# Achy knees and ankles



## ashmamma84 (Oct 12, 2007)

Yesterday while I was attempting to get some rest, out of nowhere, my ankles and knees started to ache...badly. So much that I popped an Advil hoping that would take care of the pain. They felt very, very cold to the touch, and I know for a fact that I've not bruised them or broken any bones.

Because the fall season is here...and the temps are dropping, I'm wondering if anyone has any tips to share in dealing with this? Does it happen to you if your knees or ankles get too cold?

...I feel so geriatric.


----------



## Risible (Oct 12, 2007)

I'll share my achey knees experience, Ash.

I have OA (osteoarthritis) in both knees; one of them (perhaps both, they both can ache equally painfully) has been diagnosed as end-stage. Knee replacement is a certainty for me; I'm just trying to put it off as long as possible, as at 47 I feel I'm too young for this procedure, which is supposed to last ten years or so, but new technology may prolong that.
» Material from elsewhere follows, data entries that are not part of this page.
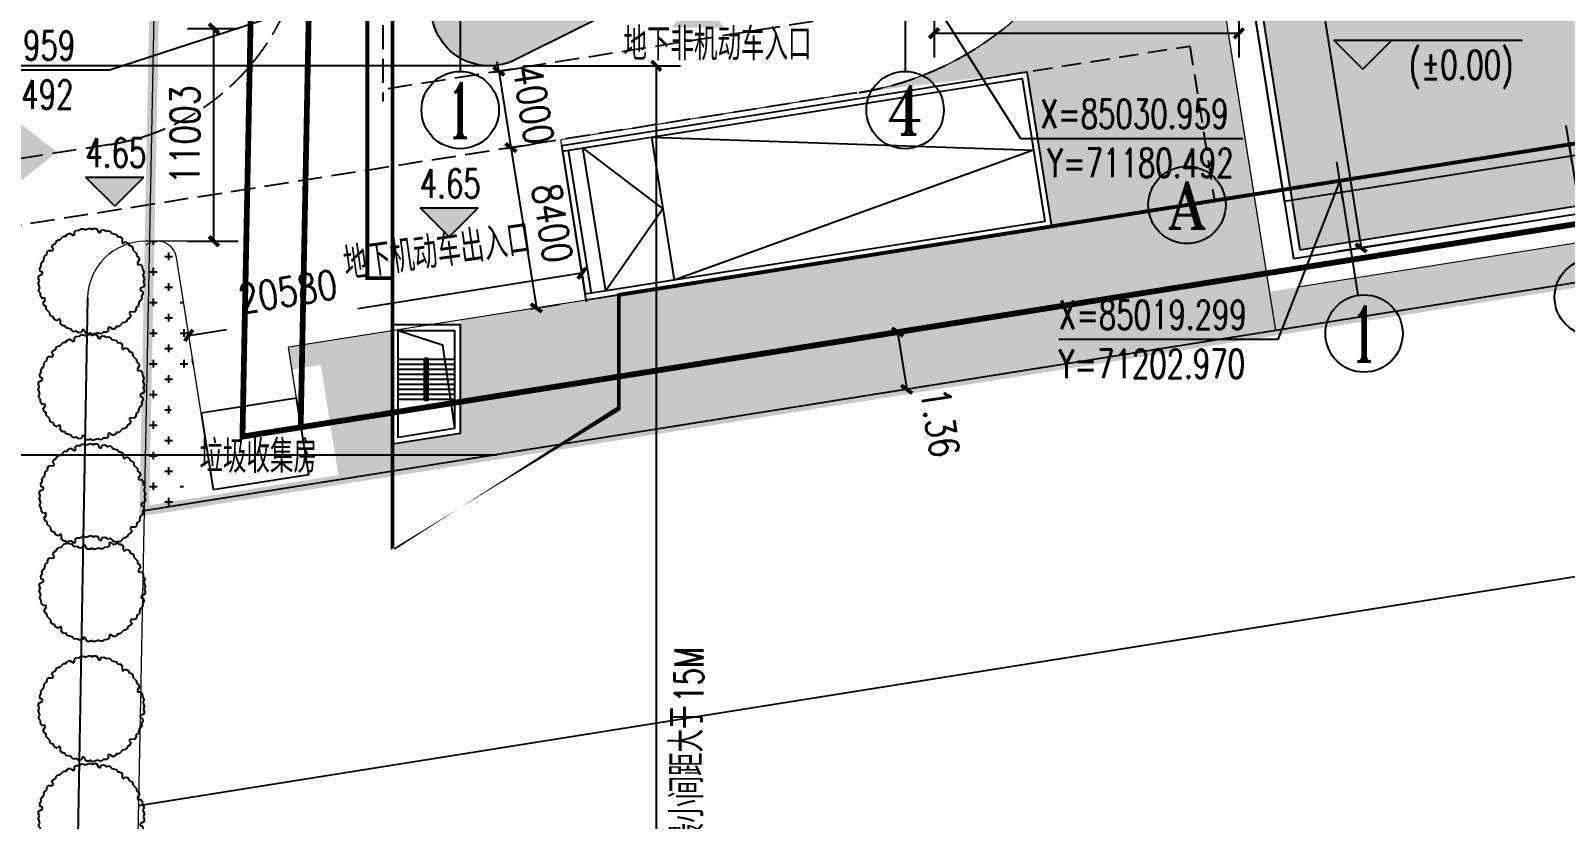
# Model space of a CAD drawing. Header units: metres. Extents: x 71066629 to 71645179, y 84793221 to 85208804.
# Drawn here: x 71135284 to 71214627, y 84986257 to 85027067 of the extents above; entities that cross this region are included whole.
import ezdxf
from ezdxf.enums import TextEntityAlignment as Align

# ---------------------------------------------------------------- set-up
doc = ezdxf.new("R2010")
doc.units = ezdxf.units.M
doc.header["$LTSCALE"] = 1000
for name, pattern in [('CENTER', [50.800000000000004, 31.75, -6.35, 6.35, -6.35]), ('CONTINOUS', [15000, 5000, 5000, 5000]), ('DASH', [0.35, 0.25, -0.1]), ('DASHEDX2', [1.5, 1, -0.5]), ('HIDDENX2', [19.049999999999997, 12.7, -6.35])]:
    doc.linetypes.add(name, pattern=pattern)
for name, color, linetype in [('A_N_AREA', 21, 'Continuous'), ('A_N_AXIS_TEXT', 7, 'Continuous'), ('A_N_PUB_TEXT', 7, 'Continuous'), ('A_ROOF_2', 136, 'Continuous'), ('A_SITEP_PLANT', 85, 'Continuous'), ('A_SITEP_TEX_2', 7, 'Continuous'), ('A_STAIR', 4, 'Continuous'), ('DIM_COOR', 3, 'Continuous'), ('DIM_SYMB', 3, 'Continuous'), ('G-ANN0-GRID', 85, 'Continuous'), ('G-ANNO-DIMS', 3, 'Continuous'), ('G-ANNO-LEGN', 3, 'Continuous'), ('G-ANNO-LEVL', 3, 'Continuous'), ('G-ANNO-TEXT', 7, 'Continuous'), ('G-BLDG-EXTG', 48, 'Continuous'), ('G-BLDG-HIGH', 1, 'Continuous'), ('G-BLDG-MULT', 1, 'Continuous'), ('G-BLDG-OTLN', 2, 'Continuous'), ('G-BLDG-POIT', 6, 'Continuous'), ('G-BLDG-ROOF', 34, 'Continuous'), ('G-BSMT-OTLN', 5, 'HIDDENX2'), ('G-FRIE-FLWL', 6, 'Continuous'), ('G-PLTG', 105, 'Continuous'), ('G-SDWK', 157, 'Continuous'), ('G-SITE-BLUE', 5, 'Continuous'), ('G-SITE-GREN', 72, 'Continuous'), ('G-SITE-PROP', 1, 'Continuous'), ('G-STRU', 134, 'Continuous'), ('G_H_252', 252, 'Continuous'), ('G_H_253', 253, 'Continuous'), ('G_N_GUIDES', 3, 'DASH'), ('PUB_DIM', 3, 'Continuous'), ('PUB_TEXT', 7, 'Continuous')]:
    doc.layers.add(name, color=color, linetype=linetype)
for name, color, linetype, lineweight in [('G-OTHR', 169, 'Continuous', 13), ('G-ROAD-园区', 175, 'Continuous', 13), ('G-ROAD-市政', 1, 'Continuous', 13)]:
    doc.layers.add(name, color=color, linetype=linetype, lineweight=lineweight)
doc.styles.add('_TCH_AXIS', font='romant.shx')
doc.styles.add('_TCH_DIM', font='SIMPLEX', dxfattribs={"bigfont": 'GBCBIG'})
doc.styles.add('dim_font', font='SIMPLEX.shx', dxfattribs={"width": 0.8})
doc.styles.get("Standard").update_dxf_attribs({"font": 'txt', "bigfont": 'gbcbig.shx'})
doc.dimstyles.new('DIMN1', dxfattribs={"dimscale": 0.005, "dimtxt": 300, "dimasz": 100, "dimexe": 250, "dimexo": 300, "dimgap": 150, "dimtad": 1, "dimzin": 0, "dimdsep": 46, "dimtxsty": 'dim_font', "dimblk": 'ARCHTICK', "dimcen": 0.09, "dimclrt": 7, "dimazin": 2, "dimtfac": 1, "dimtdec": 0, "dimtix": 1, "dimtmove": 2, "dimatfit": 3, "dimldrblk": 'ARCHTICK', "dimfxl": 1, "dimtolj": 1, "dimtzin": 0, "dimarcsym": 0})
doc.dimstyles.new('DIMN500', dxfattribs={"dimscale": 5, "dimtxt": 300, "dimasz": 100, "dimexe": 250, "dimexo": 300, "dimgap": 150, "dimtad": 1, "dimdec": 0, "dimzin": 0, "dimdsep": 46, "dimtxsty": 'dim_font', "dimblk": 'ARCHTICK', "dimcen": 0.09, "dimclrt": 7, "dimazin": 2, "dimtfac": 1, "dimtdec": 0, "dimtix": 1, "dimtmove": 2, "dimatfit": 3, "dimldrblk": 'ARCHTICK', "dimtolj": 1, "dimtzin": 0, "dimarcsym": 0})
pattern_1 = [(0, (0, 0), (793.75, 793.75), [396.875, -1190.625]), (90, (198.4375, -198.4375), (-793.75, 793.75), [396.875, -1190.625])]

# ---------------------------------------------------------------- blocks, each defined once
blk = doc.blocks.new('A$C1225323B')
at = {"layer": 'G_H_253'}
blk.add_hatch(color=256, dxfattribs=at).paths.add_polyline_path([(52966.47478444874, 2225.408423528075, -0.1161538421991831), (55197.59980784357, 2750.804404184222), (43877.99888792634, 2750.804404169321, -0.4136158230719792), (41878.00305458903, 4746.721925333142), (41878.00305458903, 1531.160501793027, 0.4620892086973587), (45362.81498230994, -1424.405889183283, 0.0761467354486094), (45893.33959668875, -1265.905154749751)])
at = {"layer": 'G-ANN0-GRID'}
for p, q in [((43377.99888792634, 4250.804404169321), (43377.99888792634, -1749.195461302996)), ((66377.99888792634, 4250.804404169321), (66377.99888792634, -1749.195461302996))]:
    blk.add_line(p, q, dxfattribs=at)
for centre in [(43377.99888791144, -3749.195461302996), (66377.99888792634, -3749.195461302996)]:
    blk.add_circle(centre, 2000, dxfattribs=at)
at = {"layer": 'G-BLDG-OTLN'}
blk.add_lwpolyline([(52966.47478449345, 2225.408423542976), (46223.83148357272, -1145.028529942036), (46214.88376173377, -1149.493763968349, -0.5564102814765284), (41878.00305458903, 1531.160501793027)], format="xyb", dxfattribs=at)
at = {"layer": 'A_N_AXIS_TEXT', "style": '_TCH_AXIS'}
for s, height, width, p, p2 in [('1', 2889.153660236577, 0.500000000000001, (42690.10515928368, -5193.772291421285), (44065.8926165392, -5193.772291421285)), ('4', 2545.381504103996, 0.7999999999999986, (65408.32974350577, -5021.886213354994), (67347.6680323469, -5021.886213354994))]:
    blk.add_text(s, height=height, dxfattribs=dict(at, width=width)).set_placement(p, p2, align=Align.FIT)
blk = doc.blocks.new('A$C54ED5BD2')
at = {"layer": 'G_H_252'}
blk.add_hatch(color=256, dxfattribs=at).paths.add_polyline_path([(70378.6075193286, 68111.90360067785), (53390.36806116998, 65421.23080193996), (53859.67145629227, 62458.16578015685), (50106.45576199889, 61863.714812994), (49637.1523668766, 64826.77983477712), (37389.81689439714, 62886.99246047437), (38672.57950775325, 54787.94806759059), (50919.91502924263, 56727.73544965684), (50497.54197362065, 59394.49396924675), (54250.75761890411, 59988.94492864609), (55611.73746477067, 51396.05636551976), (72599.97692292929, 54086.72916425765)])
at = {"layer": 'G_H_253'}
h = blk.add_hatch(color=256, dxfattribs=at)
h.paths.add_polyline_path([(73069.28031806648, 51123.66414244473), (72662.55070894957, 53691.65382800996), (55674.31125070155, 51000.98102927208), (56081.04085981846, 48432.99134370685)])
h.paths.add_polyline_path([(73341.6725410968, 68581.20699580014), (70773.68285554647, 68174.47738668323), (73057.62604518235, 53754.22761403024), (73464.35565429926, 51186.23792846501), (76032.34533983469, 51592.96753756702)])
blk.add_hatch(color=256, dxfattribs=at).paths.add_polyline_path([(51858.52177043259, 50801.60539831221), (55216.66212847829, 51333.48257948458), (54872.50630539656, 53506.39692877233), (45588.23590378463, 52035.91295737028), (45056.35872264206, 55394.05331540108), (42636.52223910391, 55010.78886827826), (43168.39942030609, 51652.64851029217), (34526.12648911774, 50283.84694890678), (37216.79928784072, 33295.60749067366), (54205.03874605894, 35986.28028948605)])
at = {"layer": 'A_ROOF_2'}
blk.add_line((49969.65391710401, 65284.42895701528), (44636.1368778795, 64439.68284578621), dxfattribs=at)
at = {"layer": 'G-ANN0-GRID'}
for p, q in [((70587.79946030676, 65512.62702211738), (69649.19269108772, 71438.75693280995)), ((70587.79946030676, 65512.62702211738), (76513.92937098444, 66451.23379132152)), ((51136.45877240598, 38740.15337020159), (57062.58868308365, 39678.76013940573)), ((51136.45877240598, 38740.15337020159), (52075.06554161012, 32814.02345949411)), ((39284.19868524373, 36862.93978968263), (33358.06877456605, 35924.33302046359)), ((39284.19868524373, 36862.93978968263), (40222.80545446277, 30936.80987897515))]:
    blk.add_line(p, q, dxfattribs=at)
for centre in [(69336.32376098633, 73414.13361398876), (78489.30605219305, 66764.10272140801), (59037.96536429226, 39991.62906949222), (31382.69209335744, 35611.46409039199), (52387.93447171152, 30838.64677831531), (40535.67438453436, 28961.43319779634)]:
    blk.add_circle(centre, 2000, dxfattribs=at)
at = {"layer": 'G-BLDG-OTLN'}
blk.add_lwpolyline([(36932.16777212918, 63219.49401068687), (38340.07795752585, 54330.29894533753), (42241.44690288603, 54948.21508225799), (42710.75029800832, 51985.15006050467), (34068.47736684978, 50616.34849914908), (36414.99434249103, 35801.02339021862), (54193.38447320461, 38616.84376096725), (52316.17089268565, 50469.10384809971), (55279.23591446877, 50938.4072432369), (55748.53930960596, 47975.34222145379), (76489.99446208775, 51260.46598735452), (73674.17409130931, 69038.8561180532), (52932.71893891692, 65753.73235216737), (53402.02233405411, 62790.66733038425), (50438.9573122412, 62321.36393524706), (49969.65391710401, 65284.42895701528)], close=True, dxfattribs=at)
at = {"layer": 'G-BLDG-POIT', "linetype": 'CONTINOUS', "ltscale": 0.1}
for p, q in [((70744.23392534256, 64524.93868152797), (70431.36499525607, 66500.31536270678)), ((69600.11111970246, 65356.19255706668), (71575.48780088127, 65669.06148715317)), ((51292.89323744178, 37752.46502959728), (50980.02430735528, 39727.84171079099)), ((50148.77043180168, 38583.71890515089), (52124.14711298048, 38896.58783523738)), ((39440.63315029442, 35875.25144907832), (39127.76422020793, 37850.62813027203)), ((38296.51034466922, 36706.50532464683), (40271.88702584803, 37019.37425471842))]:
    blk.add_line(p, q, dxfattribs=at)
at = {"layer": 'G-BLDG-ROOF'}
for p, q in [((70711.1090695262, 68569.552722916), (73674.17409130931, 69038.8561180532)), ((73674.17409130931, 69038.8561180532), (76489.99446208775, 51260.46598735452)), ((53390.36806116998, 65421.23080193996), (70378.6075193286, 68111.90360067785)), ((70378.6075193286, 68111.90360067785), (72599.97692292929, 54086.72916425765)), ((49969.65391710401, 65284.42895703018), (36932.16777212918, 63219.49401068687)), ((50501.53109824657, 61926.28859901428), (49969.65391710401, 65284.42895701528)), ((53859.67145629227, 62458.16578015685), (53390.36806116998, 65421.23080193996)), ((49637.1523668766, 64826.77983477712), (37389.81689439714, 62886.99246047437)), ((50106.45576199889, 61863.714812994), (49637.1523668766, 64826.77983477712)), ((36932.16777212918, 63219.49401068687), (38340.07795752585, 54330.29894533753)), ((37389.81689439714, 62886.99246047437), (38672.57950775325, 54787.94806759059)), ((50438.9573122412, 62321.36393524706), (53402.02233402431, 62790.66733036935)), ((50106.45576199889, 61863.714812994), (53859.67145629227, 62458.16578015685)), ((50497.54197362065, 59394.49396924675), (54250.75761890411, 59988.94492864609)), ((53918.25606866181, 59531.29580639303), (50955.19109588861, 59061.99241903424)), ((55611.73746477067, 51396.05636551976), (54250.75761890411, 59988.94492864609)), ((50919.91502924263, 56727.73544965684), (50497.54197362065, 59394.49396924675)), ((50892.61730986834, 59457.06775526702), (51377.5641514957, 56395.23389945924)), ((38340.07795752585, 54330.29894533753), (51377.5641515106, 56395.23389944434)), ((38672.57950775325, 54787.94806759059), (50919.91502924263, 56727.73544965684)), ((42241.44690288603, 54948.21508225799), (42710.75029803813, 51985.15006050467)), ((42636.52223910391, 55010.78886826336), (43168.39942030609, 51652.64851029217)), ((45588.23590378463, 52035.91295737028), (45056.35872264206, 55394.05331540108)), ((45451.43405885994, 55456.62710140646), (45920.73745399714, 52493.56207962334)), ((72599.97692292929, 54086.72916425765), (55611.73746477067, 51396.05636551976)), ((54809.93251936138, 53901.47226500511), (45525.66211776435, 52430.98829360306)), ((54872.50630538166, 53506.39692877233), (45588.23590378463, 52035.91295737028)), ((73057.62604518235, 53754.22761403024), (73526.92944031954, 50791.16259221733)), ((43105.82563425601, 52047.72384652495), (34068.47736684978, 50616.34849913418)), ((43168.39942030609, 51652.64851029217), (34526.12648911774, 50283.84694890678)), ((51858.52177043259, 50801.60539831221), (55216.66212846339, 51333.48257948458)), ((54205.03874605894, 35986.28028948605), (51858.52177043259, 50801.60539831221)), ((52316.17089268565, 50469.10384809971), (55279.23591446877, 50938.4072432369)), ((55748.53930960596, 47975.34222145379), (55279.23591446877, 50938.4072432518)), ((76489.99446208775, 51260.46598735452), (55748.53930960596, 47975.34222145379)), ((34068.47736684978, 50616.34849913418), (36884.29773761332, 32837.9583684206)), ((34526.12648911774, 50283.84694890678), (37216.79928784072, 33295.60749067366)), ((54662.6878683269, 35653.77873924375), (52316.17089268565, 50469.10384809971)), ((37216.79928784072, 33295.60749067366), (54205.03874605894, 35986.28028948605)), ((36884.29773761332, 32837.9583684206), (54662.6878683269, 35653.77873924375))]:
    blk.add_line(p, q, dxfattribs=at)
for points in [[(53855.68228264153, 59926.37114262581), (55279.23591446877, 50938.4072432518), (73057.62604518235, 53754.22761403024), (70711.1090695262, 68569.552722916), (52932.71893891692, 65753.73235216737), (53464.59612004459, 62395.59199415147)], [(53855.68228264153, 59926.37114262581), (55279.23591449857, 50938.4072432518)], [(54809.93251936138, 53901.47226506472), (45920.73745401204, 52493.56207966805)]]:
    blk.add_lwpolyline(points, dxfattribs=at)
at = {"layer": 'G-OTHR', "linetype": 'ByBlock'}
for p, q in [((44698.71066389978, 64044.60750956833), (45293.16163106263, 60291.39181528986)), ((44896.24833202362, 64075.89440257847), (45302.97794114053, 61507.90471701324)), ((53625.01975873113, 63939.69829104841), (55402.85877180099, 64221.28032813966)), ((53671.95009824634, 63643.3917888701), (55449.7891113162, 63924.97382594645)), ((53718.88043776155, 63347.08528669178), (55496.71945083141, 63628.66732378304)), ((55449.7891113162, 63924.97382594645), (56263.24832953513, 58788.99445484579)), ((55600.39643992484, 64252.5672211349), (56460.78599767387, 58820.28134784102)), ((53765.81077726185, 63050.77878451347), (55543.64979033172, 63332.36082158983)), ((53812.74111677706, 62754.47228233516), (55590.58012984693, 63036.05431942642)), ((53859.67145629227, 62458.16578015685), (55637.51046936214, 62739.7478172332)), ((45136.72716601193, 61279.08015587926), (50075.16886897385, 62061.25248108804)), ((45302.97794114053, 61507.90471701324), (50043.88197599351, 62258.79014921188)), ((50626.67867028713, 61136.13792651892), (50501.53109824657, 61926.28859901428)), ((45293.16163106263, 60291.39181528986), (50626.67867028713, 61136.13792651892)), ((54250.75761890411, 59988.94492864609), (56028.59663197398, 60270.52696572244)), ((54297.68795841932, 59692.63842646778), (56075.52697148919, 59974.22046355903)), ((54344.61829793453, 59396.33192428946), (56122.4573110044, 59677.91396136582)), ((54391.54863743484, 59100.02542211115), (56169.38765050471, 59381.60745920241)), ((54438.47897695005, 58803.71891993284), (56216.31799001992, 59085.3009570092)), ((54485.40931646526, 58507.41241775453), (56263.24832953513, 58788.99445484579)), ((56263.24832953513, 58788.99445484579), (56460.78599767387, 58820.28134784102)), ((51377.5641514957, 56395.23389945924), (54340.62912426889, 56864.53728680313)), ((51377.5641514957, 56395.23389945924), (51846.86754663289, 53432.16887770593)), ((48414.4991787523, 55925.93051208556), (48883.80257387459, 52962.86549033225)), ((42872.09291794896, 51605.71817186475), (43106.74461551011, 50124.18566097319)), ((43168.39942012727, 51652.64851137996), (43403.05111768842, 50171.1160004884)), ((41686.86690923572, 51417.99681381881), (41921.51860679686, 49936.46430292726)), ((51946.55531302094, 51524.27412976325), (41921.51860697567, 49936.46430182457)), ((41952.80549998581, 49738.92663370073), (51780.30453790724, 51295.44956864417)), ((41983.17341141403, 51464.92715333402), (42217.82510897517, 49983.39464242756)), ((42279.47991359234, 51511.85749283433), (42514.13161115348, 50030.32498194277)), ((42575.78641577065, 51558.78783234954), (42810.43811333179, 50077.25532145798)), ((51858.52177043259, 50801.60539831221), (51780.30453790724, 51295.44956864417)), ((52056.05943854153, 50832.89229132235), (51946.55531302094, 51524.27412976325)), ((41921.51860679686, 49936.46430292726), (41952.805499807, 49738.92663480341))]:
    blk.add_line(p, q, dxfattribs=at)
blk.add_lwpolyline([(55973.84456922114, 60616.21788494289), (55402.85877180099, 64221.28032813966), (55600.39643992484, 64252.5672211349)], dxfattribs=at)
blk.add_lwpolyline([(41595.6430593282, 57701.08145661652), (40756.1079698056, 57568.11216132343), (40559.00054384768, 58812.59947049618), (41398.53563337028, 58945.56876577437)], close=True, dxfattribs=at)
at = {"layer": 'A_N_AXIS_TEXT', "style": '_TCH_AXIS'}
for s, height, width, p, p2 in [('5', 2662.5609418811, 0.7000000000000024, (68448.80344702596, 72082.85314304821), (70223.8440749467, 72082.85314304821)), ('C', 2603.947107861552, 0.7142857142857191, (77559.32494224249, 65462.12916747724), (79419.2871621436, 65462.12916747724)), ('A', 2429.621127568949, 0.8999999999999992, (57996.69916676272, 38776.81850570775), (60079.23156182181, 38776.81850570775)), ('A', 2429.621127568949, 0.8999999999999992, (30341.4258958279, 34396.65352660752), (32423.95829088699, 34396.65352660752)), ('2', 2662.5609418811, 0.7000000000000021, (51500.41415775115, 29507.36630737476), (53275.45478567189, 29507.36630737476)), ('1', 2889.153660236577, 0.500000000000001, (39847.7806559066, 27516.85636767806), (41223.56811316212, 27516.85636767806))]:
    blk.add_text(s, height=height, dxfattribs=dict(at, width=width)).set_placement(p, p2, align=Align.FIT)
blk = doc.blocks.new('BRANCHD', base_point=(0.5, 0.5))
for p, q in [((0.9505596254410227, 0.743297436128509), (0.9314632446002771, 0.7538736432298557)), ((0.9620405252218217, 0.6940026134366691), (0.9505596254410227, 0.743297436128509)), ((0.9742183128197739, 0.6874965599933831), (0.9620405252218217, 0.6940026134366691)), ((0.9697365129869726, 0.5872572432749065), (0.9936420849502089, 0.5940171824764761)), ((0.9865236434099081, 0.6682046705638996), (0.9742183128197739, 0.6874965599933831)), ((0.9820690817241038, 0.647302361335638), (0.9865236434099081, 0.6682046705638996)), ((0.9972671223133035, 0.6196268809602271), (0.9820690817241038, 0.647302361335638)), ((0.9936420849502089, 0.5940171824764761), (0.9972671223133035, 0.6196268809602271)), ((0.9697365129869726, 0.5708106159599874), (0.9697365129869726, 0.5872572432749065)), ((1.008048233500921, 0.5502635966295678), (0.9697365129869726, 0.5708106159599874)), ((0.9984505427080577, 0.5038736432298557), (1.008135802567131, 0.5200449615237905)), ((1.008135802567131, 0.5200449615237905), (1.008048233500921, 0.5502635966295678))]:
    blk.add_line(p, q)
blk = doc.blocks.new('A$C203C35CE')
at = {"layer": 'A_SITEP_PLANT', "extrusion": (0, 0, -1), "yscale": 2981.739130434784, "zscale": -2981.739130434782}
for xscale, rotation in [(2981.739130434763, 60.00000000017639), (2981.739130434794, 30.00000000017587), (2981.739130434784, 90), (2981.739130434768, 120.0000000001762), (2981.739130434778, 150.0000000001759), (2981.739130434778, 330.0000000001759), (2981.739130434755, 180.0000000001761), (2981.739130434768, 300.0000000001762), (2981.739130434794, 210.0000000001758), (2981.739130434784, 270), (2981.739130434763, 240.0000000001764)]:
    blk.add_blockref('BRANCHD', (-1526.186619581713, 1526.186955187266), dxfattribs=dict(at, xscale=xscale, rotation=rotation))
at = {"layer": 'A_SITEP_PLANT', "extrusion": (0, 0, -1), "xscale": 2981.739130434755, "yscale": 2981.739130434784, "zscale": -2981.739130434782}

I've been fat my entire life; morbidly obese since my late 20s. I used to bellydance for a period of about five years in my early 30s, and that may have contributed to my knee deterioration; I probably should have gotten water exercise instead, as I weighed about 325 pretty consistently during those years.

But perhaps it's genetic - my sis, five years older than me, has had one hip replaced and is scheduled to have the other replaced. Mom had OA issues as well.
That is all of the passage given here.